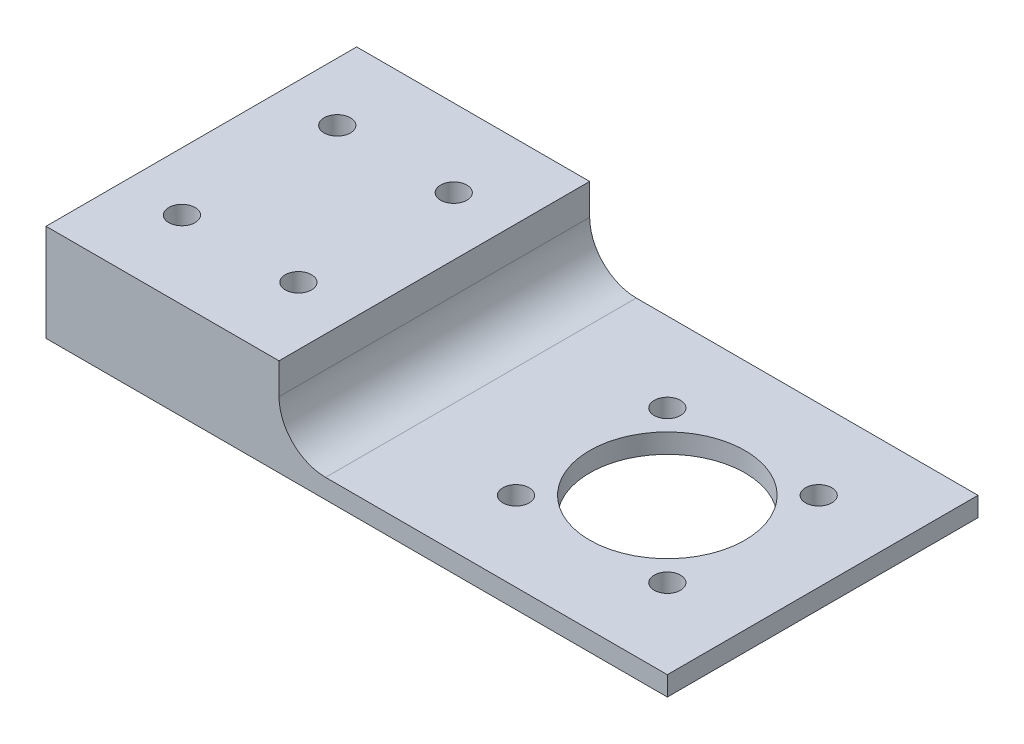
ISO-10303-21;
HEADER;
FILE_DESCRIPTION(('STEP AP214'),'2;1');
FILE_NAME('part.step','',(''),(''),'','','');
FILE_SCHEMA(('AUTOMOTIVE_DESIGN { 1 0 10303 214 1 1 1 1 }'));
ENDSEC;
DATA;
#1=APPLICATION_CONTEXT('core data for automotive mechanical design processes');
#2=APPLICATION_PROTOCOL_DEFINITION('international standard','automotive_design',2000,#1);
#3=PRODUCT_CONTEXT('',#1,'mechanical');
#4=PRODUCT('Part','Part','',(#3));
#5=PRODUCT_RELATED_PRODUCT_CATEGORY('part','',(#4));
#6=PRODUCT_DEFINITION_FORMATION('','',#4);
#7=PRODUCT_DEFINITION_CONTEXT('part definition',#1,'design');
#8=PRODUCT_DEFINITION('design','',#6,#7);
#9=PRODUCT_DEFINITION_SHAPE('','',#8);
#10=(LENGTH_UNIT() NAMED_UNIT(*) SI_UNIT(.MILLI.,.METRE.));
#11=(NAMED_UNIT(*) PLANE_ANGLE_UNIT() SI_UNIT($,.RADIAN.));
#12=(NAMED_UNIT(*) SI_UNIT($,.STERADIAN.) SOLID_ANGLE_UNIT());
#13=UNCERTAINTY_MEASURE_WITH_UNIT(LENGTH_MEASURE(1.E-05),#10,'distance_accuracy_value','');
#14=(GEOMETRIC_REPRESENTATION_CONTEXT(3) GLOBAL_UNCERTAINTY_ASSIGNED_CONTEXT((#13)) GLOBAL_UNIT_ASSIGNED_CONTEXT((#10,
#11,#12)) REPRESENTATION_CONTEXT('',''));
#15=CARTESIAN_POINT('',(0.,0.,0.));
#16=DIRECTION('',(0.,0.,1.));
#17=DIRECTION('',(1.,0.,0.));
#18=AXIS2_PLACEMENT_3D('',#15,#16,#17);
#19=CARTESIAN_POINT('',(0.,3.175,0.));
#20=DIRECTION('',(0.,-1.,0.));
#21=DIRECTION('',(0.,0.,-1.));
#22=AXIS2_PLACEMENT_3D('',#19,#20,#21);
#23=PLANE('',#22);
#24=CARTESIAN_POINT('',(38.1,3.175,0.));
#25=DIRECTION('',(0.,1.,0.));
#26=DIRECTION('',(0.,0.,1.));
#27=AXIS2_PLACEMENT_3D('',#24,#25,#26);
#28=CIRCLE('',#27,12.7);
#29=CARTESIAN_POINT('',(38.1,3.175,12.7));
#30=VERTEX_POINT('',#29);
#31=EDGE_CURVE('E318',#30,#30,#28,.T.);
#32=ORIENTED_EDGE('',*,*,#31,.F.);
#33=EDGE_LOOP('',(#32));
#34=FACE_BOUND('',#33,.T.);
#35=CARTESIAN_POINT('',(50.4743686707638,3.175,-12.3743686707636));
#36=DIRECTION('',(0.,1.,0.));
#37=DIRECTION('',(0.,0.,1.));
#38=AXIS2_PLACEMENT_3D('',#35,#36,#37);
#39=CIRCLE('',#38,2.15265);
#40=CARTESIAN_POINT('',(50.4743686707638,3.175,-10.2217186707636));
#41=VERTEX_POINT('',#40);
#42=EDGE_CURVE('E296',#41,#41,#39,.T.);
#43=ORIENTED_EDGE('',*,*,#42,.F.);
#44=EDGE_LOOP('',(#43));
#45=FACE_BOUND('',#44,.T.);
#46=CARTESIAN_POINT('',(25.7256313292346,3.175,12.3743686707654));
#47=DIRECTION('',(0.,1.,0.));
#48=DIRECTION('',(0.,0.,1.));
#49=AXIS2_PLACEMENT_3D('',#46,#47,#48);
#50=CIRCLE('',#49,2.15265);
#51=CARTESIAN_POINT('',(25.7256313292346,3.175,14.5270186707654));
#52=VERTEX_POINT('',#51);
#53=EDGE_CURVE('E291',#52,#52,#50,.T.);
#54=ORIENTED_EDGE('',*,*,#53,.F.);
#55=EDGE_LOOP('',(#54));
#56=FACE_BOUND('',#55,.T.);
#57=CARTESIAN_POINT('',(25.7256313292344,3.175,-12.3743686707635));
#58=DIRECTION('',(0.,1.,0.));
#59=DIRECTION('',(0.,0.,1.));
#60=AXIS2_PLACEMENT_3D('',#57,#58,#59);
#61=CIRCLE('',#60,2.15265);
#62=CARTESIAN_POINT('',(25.7256313292344,3.175,-10.2217186707635));
#63=VERTEX_POINT('',#62);
#64=EDGE_CURVE('E312',#63,#63,#61,.T.);
#65=ORIENTED_EDGE('',*,*,#64,.F.);
#66=EDGE_LOOP('',(#65));
#67=FACE_BOUND('',#66,.T.);
#68=CARTESIAN_POINT('',(50.4743686707642,3.175,12.374368670765));
#69=DIRECTION('',(0.,1.,0.));
#70=DIRECTION('',(0.,0.,1.));
#71=AXIS2_PLACEMENT_3D('',#68,#69,#70);
#72=CIRCLE('',#71,2.15265);
#73=CARTESIAN_POINT('',(50.4743686707642,3.175,14.527018670765));
#74=VERTEX_POINT('',#73);
#75=EDGE_CURVE('E120',#74,#74,#72,.T.);
#76=ORIENTED_EDGE('',*,*,#75,.F.);
#77=EDGE_LOOP('',(#76));
#78=FACE_BOUND('',#77,.T.);
#79=DIRECTION('',(-1.,0.,0.));
#80=VECTOR('',#79,1.);
#81=CARTESIAN_POINT('',(-38.1,3.175,-25.4));
#82=LINE('',#81,#80);
#83=CARTESIAN_POINT('',(63.5,3.175,-25.4));
#84=VERTEX_POINT('',#83);
#85=CARTESIAN_POINT('',(7.61999999999999,3.175,-25.4));
#86=VERTEX_POINT('',#85);
#87=EDGE_CURVE('E129',#84,#86,#82,.T.);
#88=ORIENTED_EDGE('',*,*,#87,.T.);
#89=DIRECTION('',(0.,0.,-1.));
#90=VECTOR('',#89,1.);
#91=CARTESIAN_POINT('',(7.62,3.175,25.4));
#92=LINE('',#91,#90);
#93=CARTESIAN_POINT('',(7.62,3.175,25.4));
#94=VERTEX_POINT('',#93);
#95=EDGE_CURVE('E55',#86,#94,#92,.F.);
#96=ORIENTED_EDGE('',*,*,#95,.T.);
#97=DIRECTION('',(1.,0.,0.));
#98=VECTOR('',#97,1.);
#99=CARTESIAN_POINT('',(-38.1,3.175,25.4));
#100=LINE('',#99,#98);
#101=CARTESIAN_POINT('',(63.5,3.175,25.4));
#102=VERTEX_POINT('',#101);
#103=EDGE_CURVE('E131',#94,#102,#100,.T.);
#104=ORIENTED_EDGE('',*,*,#103,.T.);
#105=DIRECTION('',(0.,0.,-1.));
#106=VECTOR('',#105,1.);
#107=CARTESIAN_POINT('',(63.5,3.175,-25.4));
#108=LINE('',#107,#106);
#109=EDGE_CURVE('E134',#102,#84,#108,.T.);
#110=ORIENTED_EDGE('',*,*,#109,.T.);
#111=EDGE_LOOP('',(#88,#96,#104,#110));
#112=FACE_BOUND('',#111,.T.);
#113=ADVANCED_FACE('F34',(#34,#45,#56,#67,#78,#112),#23,.F.);
#114=CARTESIAN_POINT('',(-38.1,3.175,-25.4));
#115=DIRECTION('',(1.,0.,0.));
#116=DIRECTION('',(0.,0.,-1.));
#117=AXIS2_PLACEMENT_3D('',#114,#115,#116);
#118=PLANE('',#117);
#119=DIRECTION('',(0.,0.,1.));
#120=VECTOR('',#119,1.);
#121=CARTESIAN_POINT('',(-38.1,0.,-25.4));
#122=LINE('',#121,#120);
#123=CARTESIAN_POINT('',(-38.1,0.,-25.4));
#124=VERTEX_POINT('',#123);
#125=CARTESIAN_POINT('',(-38.1,0.,25.4));
#126=VERTEX_POINT('',#125);
#127=EDGE_CURVE('E99',#124,#126,#122,.T.);
#128=ORIENTED_EDGE('',*,*,#127,.T.);
#129=DIRECTION('',(0.,-1.,0.));
#130=VECTOR('',#129,1.);
#131=CARTESIAN_POINT('',(-38.1,3.175,25.4));
#132=LINE('',#131,#130);
#133=CARTESIAN_POINT('',(-38.1,15.875,25.4));
#134=VERTEX_POINT('',#133);
#135=EDGE_CURVE('E92',#134,#126,#132,.T.);
#136=ORIENTED_EDGE('',*,*,#135,.F.);
#137=DIRECTION('',(0.,0.,1.));
#138=VECTOR('',#137,1.);
#139=CARTESIAN_POINT('',(-38.1,15.875,-25.4));
#140=LINE('',#139,#138);
#141=CARTESIAN_POINT('',(-38.1,15.875,-25.4));
#142=VERTEX_POINT('',#141);
#143=EDGE_CURVE('E97',#142,#134,#140,.T.);
#144=ORIENTED_EDGE('',*,*,#143,.F.);
#145=DIRECTION('',(0.,-1.,0.));
#146=VECTOR('',#145,1.);
#147=CARTESIAN_POINT('',(-38.1,3.175,-25.4));
#148=LINE('',#147,#146);
#149=EDGE_CURVE('E101',#142,#124,#148,.T.);
#150=ORIENTED_EDGE('',*,*,#149,.T.);
#151=EDGE_LOOP('',(#128,#136,#144,#150));
#152=FACE_BOUND('',#151,.T.);
#153=ADVANCED_FACE('F94',(#152),#118,.F.);
#154=CARTESIAN_POINT('',(63.5,3.175,25.4));
#155=DIRECTION('',(0.,0.,-1.));
#156=DIRECTION('',(-1.,0.,0.));
#157=AXIS2_PLACEMENT_3D('',#154,#155,#156);
#158=PLANE('',#157);
#159=DIRECTION('',(1.,0.,0.));
#160=VECTOR('',#159,1.);
#161=CARTESIAN_POINT('',(63.5,0.,25.4));
#162=LINE('',#161,#160);
#163=CARTESIAN_POINT('',(63.5,0.,25.4));
#164=VERTEX_POINT('',#163);
#165=EDGE_CURVE('E139',#126,#164,#162,.T.);
#166=ORIENTED_EDGE('',*,*,#165,.T.);
#167=DIRECTION('',(0.,-1.,0.));
#168=VECTOR('',#167,1.);
#169=CARTESIAN_POINT('',(63.5,3.175,25.4));
#170=LINE('',#169,#168);
#171=EDGE_CURVE('E102',#102,#164,#170,.T.);
#172=ORIENTED_EDGE('',*,*,#171,.F.);
#173=ORIENTED_EDGE('',*,*,#103,.F.);
#174=CARTESIAN_POINT('',(7.62,10.795,25.4));
#175=DIRECTION('',(0.,0.,-1.));
#176=DIRECTION('',(-1.,0.,0.));
#177=AXIS2_PLACEMENT_3D('',#174,#175,#176);
#178=CIRCLE('',#177,7.62);
#179=CARTESIAN_POINT('',(0.,10.795,25.4));
#180=VERTEX_POINT('',#179);
#181=EDGE_CURVE('E11',#94,#180,#178,.T.);
#182=ORIENTED_EDGE('',*,*,#181,.T.);
#183=DIRECTION('',(0.,-1.,0.));
#184=VECTOR('',#183,1.);
#185=CARTESIAN_POINT('',(0.,15.875,25.4));
#186=LINE('',#185,#184);
#187=CARTESIAN_POINT('',(0.,15.875,25.4));
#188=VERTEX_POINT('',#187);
□ □ □ □ □
→ **Exercise**:
Whatever lies between the first line of the data and the line holding "#1=APPLICATION_CONTEXT('core data for", inclusive, should be repeated exactly, apart from the pictures.

→ **Result below**:
ISO-10303-21;
HEADER;
FILE_DESCRIPTION(('STEP AP214'),'2;1');
FILE_NAME('part.step','',(''),(''),'','','');
FILE_SCHEMA(('AUTOMOTIVE_DESIGN { 1 0 10303 214 1 1 1 1 }'));
ENDSEC;
DATA;
#1=APPLICATION_CONTEXT('core data for automotive mechanical design processes');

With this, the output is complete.